** Opening DATA FOR THIS TASK block **
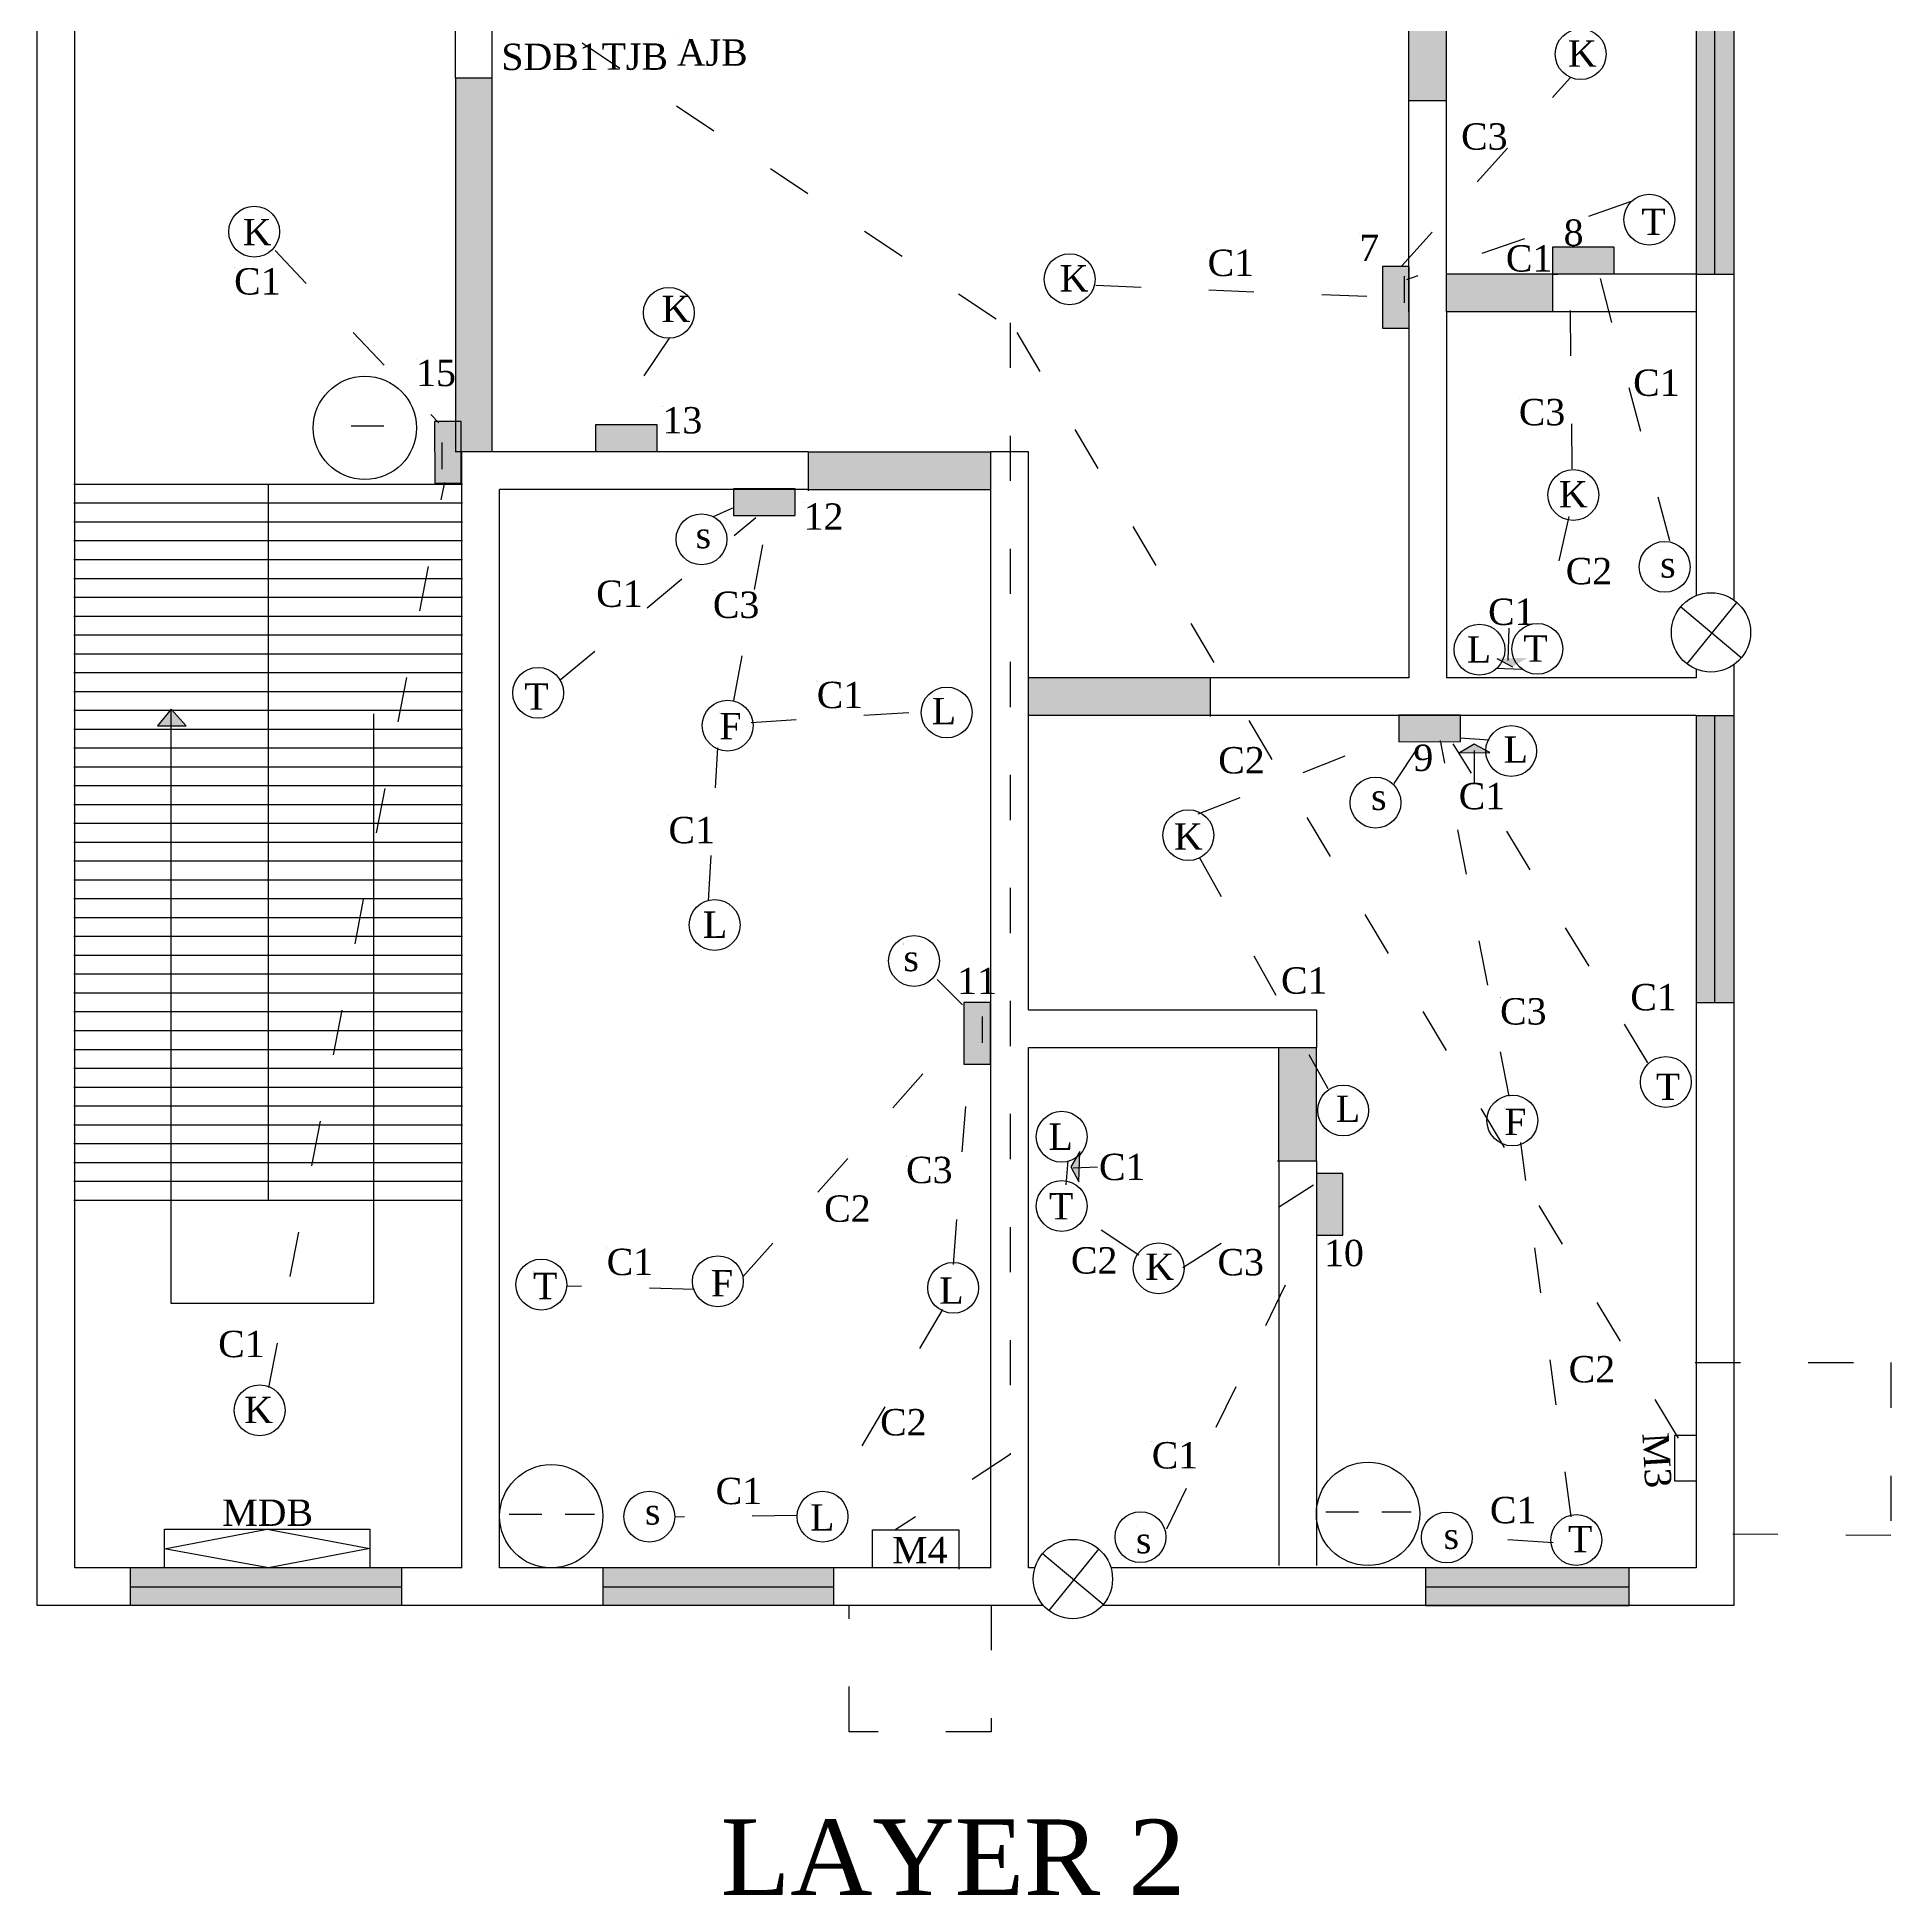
# Model space of a CAD drawing. Header units: inches. Extents: x 1 to 17879, y -3361 to 1909.
# Drawn here: x 3886.7 to 4378.8, y 852 to 1345 of the extents above; entities that cross this region are included whole.
import ezdxf

# ---------------------------------------------------------------- set-up
doc = ezdxf.new("R2010")
doc.units = ezdxf.units.IN
doc.header["$MEASUREMENT"] = 0
doc.linetypes.add('ACAD_ISO03W100', pattern=[30, 12, -18])

msp = doc.modelspace()

# ---------------------------------------------------------------- hatches: boundary and pattern name
for color, points in [(2, [(4260.85, 1383.97), (4255.07, 1383.97), (4250.85, 1383.97), (4250.85, 1328.2), (4260.85, 1328.2)]), (120, [(4337.07, 1369.37), (4337.07, 1383.97), (4327.07, 1383.97), (4327.07, 1369.37), (4327.07, 1282.17), (4337.07, 1282.17)]), (2, [(4007.35, 1334.17), (3997.75, 1334.17), (3997.75, 1234.97), (3999.45, 1234.97), (4007.35, 1234.97)]), (9, [(4305.35, 1289.27), (4288.98, 1289.27), (4288.98, 1282.24), (4301.64, 1282.24), (4305.35, 1282.24)]), (9, [(4250.88, 1267.79), (4250.88, 1284.16), (4243.85, 1284.16), (4243.85, 1271.5), (4243.85, 1267.79)]), (2, [(4288.96, 1282.17), (4260.85, 1282.17), (4260.85, 1272.17), (4288.96, 1272.17)]), (9, [(3999.23, 1226.63), (3999.23, 1243.01), (3992.2, 1243.01), (3992.2, 1230.35), (3992.2, 1226.63)]), (9, [(4051.3, 1242.16), (4034.92, 1242.16), (4034.92, 1235.14), (4047.58, 1235.14), (4051.3, 1235.14)]), (2, [(4139.81, 1234.97), (4091.36, 1234.97), (4091.36, 1224.97), (4139.81, 1224.97)]), (9, [(4087.91, 1225.16), (4071.53, 1225.16), (4071.53, 1218.14), (4084.19, 1218.14), (4087.91, 1218.14)]), (2, [(4198.1, 1174.97), (4149.81, 1174.97), (4149.81, 1164.97), (4198.1, 1164.97)]), (9, [(4264.53, 1165.08), (4248.15, 1165.08), (4248.15, 1158.05), (4260.81, 1158.05), (4264.53, 1158.05)]), (120, [(4337.07, 1164.97), (4327.07, 1164.97), (4327.07, 1088.81), (4337.07, 1088.81)]), (9, [(4139.72, 1072.46), (4139.72, 1088.83), (4132.69, 1088.83), (4132.69, 1076.17), (4132.69, 1072.46)]), (2, [(4226.28, 1076.87), (4216.28, 1076.87), (4216.28, 1046.74), (4226.28, 1046.74)]), (9, [(4233.33, 1027.08), (4233.33, 1043.46), (4226.3, 1043.46), (4226.3, 1030.8), (4226.3, 1027.08)]), (120, [(3983.41, 938.77), (3911.37, 938.77), (3911.37, 928.77), (3983.41, 928.77)]), (120, [(4098.07, 938.77), (4036.87, 938.77), (4036.87, 928.77), (4098.07, 928.77)]), (120, [(4309.35, 938.77), (4255.27, 938.77), (4255.27, 928.77), (4309.35, 928.77)])]:
    msp.add_hatch(color=color).paths.add_polyline_path(points)
at = {"linetype": 'ACAD_ISO03W100'}
for points in [[(4278.32, 1177.94), (4282.21, 1180.25), (4274.15, 1180.15)], [(4268.18, 1157.38), (4264.29, 1155.08), (4272.34, 1155.18)], [(4161.11, 1045.26), (4163.23, 1041.26), (4163.51, 1049.31)]]:
    msp.add_hatch(color=7, dxfattribs=at).paths.add_polyline_path(points)
h = msp.add_hatch(color=256)
h.paths.add_polyline_path([(3922.27, 1166.4), (3922.05, 1166.4), (3918.61, 1162.23), (3922.27, 1162.23)])
h.paths.add_polyline_path([(3922.51, 1166.4), (3922.27, 1166.4), (3922.27, 1162.23), (3926.26, 1162.23)])

# ---------------------------------------------------------------- linework, layer by layer
for p, q in [((4007.35, 1435.47), (4007.35, 1334.17)), ((3997.75, 1334.17), (3997.75, 1425.77)), ((4250.85, 1328.2), (4250.85, 1383.97)), ((4260.85, 1328.2), (4260.85, 1383.97)), ((4332.07, 1282.17), (4332.07, 1383.97)), ((4327.07, 1369.37), (4327.07, 1272.17)), ((4337.07, 1369.37), (4337.07, 1272.17)), ((3886.67, 1234.97), (3886.67, 1352.57)), ((3896.67, 1234.97), (3896.67, 1352.57)), ((4007.35, 1334.17), (3997.75, 1334.17)), ((3997.75, 1334.17), (3997.75, 1234.91)), ((4007.35, 1334.17), (4007.35, 1234.97)), ((4250.85, 1272.17), (4250.85, 1328.2)), ((4250.85, 1328.2), (4260.85, 1328.2)), ((4260.85, 1272.17), (4260.85, 1328.2)), ((4305.35, 1289.27), (4288.98, 1289.27)), ((4288.98, 1289.27), (4288.98, 1282.21)), ((4305.35, 1282.25), (4305.35, 1289.27)), ((4250.88, 1284.16), (4243.82, 1284.16)), ((4243.82, 1284.16), (4243.86, 1267.79)), ((4250.88, 1267.79), (4250.88, 1284.16)), ((4288.96, 1282.17), (4260.84, 1282.17)), ((4327.07, 1282.17), (4288.96, 1282.17)), ((4288.96, 1282.17), (4290.41, 1282.17)), ((4288.96, 1282.17), (4288.96, 1272.17)), ((4288.98, 1282.21), (4305.35, 1282.25)), ((4297.06, 1282.24), (4297.06, 1282.29)), ((4327.07, 1282.17), (4337.06, 1282.17)), ((4249.68, 1274.56), (4249.68, 1281.58)), ((4250.85, 1272.17), (4250.85, 1174.97)), ((4260.85, 1272.17), (4260.85, 1174.97)), ((4288.96, 1272.17), (4260.85, 1272.17)), ((4327.07, 1272.17), (4288.96, 1272.17)), ((4327.07, 1272.17), (4288.96, 1272.17)), ((4327.07, 1272.17), (4327.07, 1196.8)), ((4337.07, 1272.17), (4337.07, 1195.66)), ((4243.86, 1267.79), (4250.88, 1267.79)), ((3999.23, 1243.01), (3992.17, 1243.01)), ((3992.17, 1243.01), (3992.21, 1226.63)), ((3999.23, 1226.63), (3999.23, 1243.01)), ((3970.06, 1241.85), (3978.73, 1241.85)), ((4051.3, 1242.16), (4034.92, 1242.16)), ((4034.92, 1242.16), (4034.92, 1235.1)), ((4051.3, 1235.14), (4051.3, 1242.16)), ((3886.67, 933.77), (3886.67, 1234.97)), ((3896.67, 938.77), (3896.67, 1234.97)), ((3994.17, 1230.39), (3994.17, 1237.41)), ((3999.45, 1234.97), (3997.75, 1234.97)), ((3999.45, 938.77), (3999.45, 1234.97)), ((4091.36, 1234.97), (3999.45, 1234.97)), ((4043.01, 1235.14), (4043.01, 1235.18)), ((4091.36, 1234.97), (4091.36, 1224.61)), ((4091.36, 1234.97), (4139.81, 1234.97)), ((4139.81, 938.77), (4139.81, 1234.97)), ((4149.81, 1234.97), (4139.81, 1234.97)), ((4149.81, 1086.87), (4149.81, 1234.97)), ((3896.44, 1226.4), (3999.62, 1226.4)), ((3948.03, 1226.4), (3948.03, 1036.4)), ((3992.21, 1226.63), (3999.23, 1226.63)), ((4009.45, 938.77), (4009.45, 1224.97)), ((4091.36, 1224.97), (4009.45, 1224.97)), ((4087.91, 1225.16), (4071.53, 1225.16)), ((4071.53, 1225.16), (4071.53, 1218.1)), ((4087.91, 1218.14), (4087.91, 1225.16)), ((4091.36, 1224.97), (4139.81, 1224.97)), ((3896.44, 1221.4), (3999.62, 1221.4)), ((4071.53, 1218.1), (4087.91, 1218.1)), ((4079.62, 1218.14), (4079.62, 1218.18)), ((3896.44, 1216.4), (3999.62, 1216.4)), ((3896.44, 1211.4), (3999.62, 1211.4)), ((3896.44, 1206.4), (3999.62, 1206.4)), ((3896.44, 1201.4), (3999.62, 1201.4)), ((3896.44, 1196.4), (3999.62, 1196.4)), ((4339.07, 1180.29), (4322.9, 1193.85)), ((4324.71, 1178.75), (4337.9, 1195.03)), ((3896.44, 1191.4), (3999.62, 1191.4)), ((3896.44, 1186.4), (3999.62, 1186.4)), ((4331.03, 1187.06), (4331.03, 1187.06)), ((4331.03, 1187.06), (4331.03, 1187.06)), ((4331.03, 1187.06), (4331.03, 1187.06)), ((4331.03, 1187.06), (4331.03, 1187.06)), ((4331.03, 1187.06), (4331.03, 1187.06)), ((4331.03, 1187.06), (4331.03, 1187.06)), ((4331.03, 1187.06), (4331.03, 1187.06)), ((4331.03, 1187.06), (4331.03, 1187.06)), ((4331.03, 1187.06), (4331.03, 1187.06)), ((4331.03, 1187.06), (4331.03, 1187.06)), ((4331.03, 1187.06), (4331.03, 1187.06)), ((4331.03, 1187.06), (4331.03, 1187.06)), ((4331.03, 1187.06), (4331.03, 1187.06)), ((4331.03, 1187.06), (4331.03, 1187.06)), ((4331.03, 1187.06), (4331.03, 1187.06)), ((4331.03, 1187.06), (4331.03, 1187.06)), ((4331.03, 1187.06), (4331.03, 1187.06)), ((4331.03, 1187.06), (4331.03, 1187.06)), ((4331.03, 1187.06), (4331.03, 1187.06)), ((4331.03, 1187.06), (4331.03, 1187.06)), ((4331.03, 1187.06), (4331.03, 1187.06)), ((3896.44, 1181.4), (3999.62, 1181.4)), ((4337.07, 1178.45), (4337.07, 1174.97)), ((3896.44, 1176.4), (3999.62, 1176.4)), ((4198.1, 1174.97), (4149.77, 1174.97)), ((4250.85, 1174.97), (4198.1, 1174.97)), ((4198.1, 1174.97), (4198.1, 1164.69)), ((4327.07, 1174.97), (4260.85, 1174.97)), ((4327.07, 1177.31), (4327.07, 1174.97)), ((4337.07, 1174.97), (4337.07, 1078.97)), ((3896.44, 1171.4), (3999.62, 1171.4)), ((3896.44, 1166.4), (3999.62, 1166.4)), ((3922.27, 1166.66), (3918.61, 1162.23)), ((3922.27, 1008.99), (3922.27, 1166.66)), ((3926.26, 1162.23), (3922.27, 1166.66)), ((3976, 1165.43), (3976, 1008.99)), ((4198.1, 1164.97), (4149.76, 1164.97)), ((4327.07, 1164.97), (4198.1, 1164.97)), ((4264.53, 1165.08), (4248.15, 1165.08)), ((4248.15, 1165.08), (4248.15, 1158.02)), ((4264.53, 1158.06), (4264.53, 1165.08)), ((4327.07, 1164.97), (4327.07, 1078.97)), ((4327.07, 1164.97), (4337.07, 1164.97)), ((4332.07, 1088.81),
** Closing DATA FOR THIS TASK block **
▸ **EXERCISE GOAL**: From the entries above, return exactly the line containing "doc.linetypes.add('ACAD_ISO03W100', pattern=[30, 12, -18])", the line containing "and pattern name", and all lines between, and nothing else.

▸ **SOLVED PROBLEM**:
doc.linetypes.add('ACAD_ISO03W100', pattern=[30, 12, -18])

msp = doc.modelspace()

# ---------------------------------------------------------------- hatches: boundary and pattern name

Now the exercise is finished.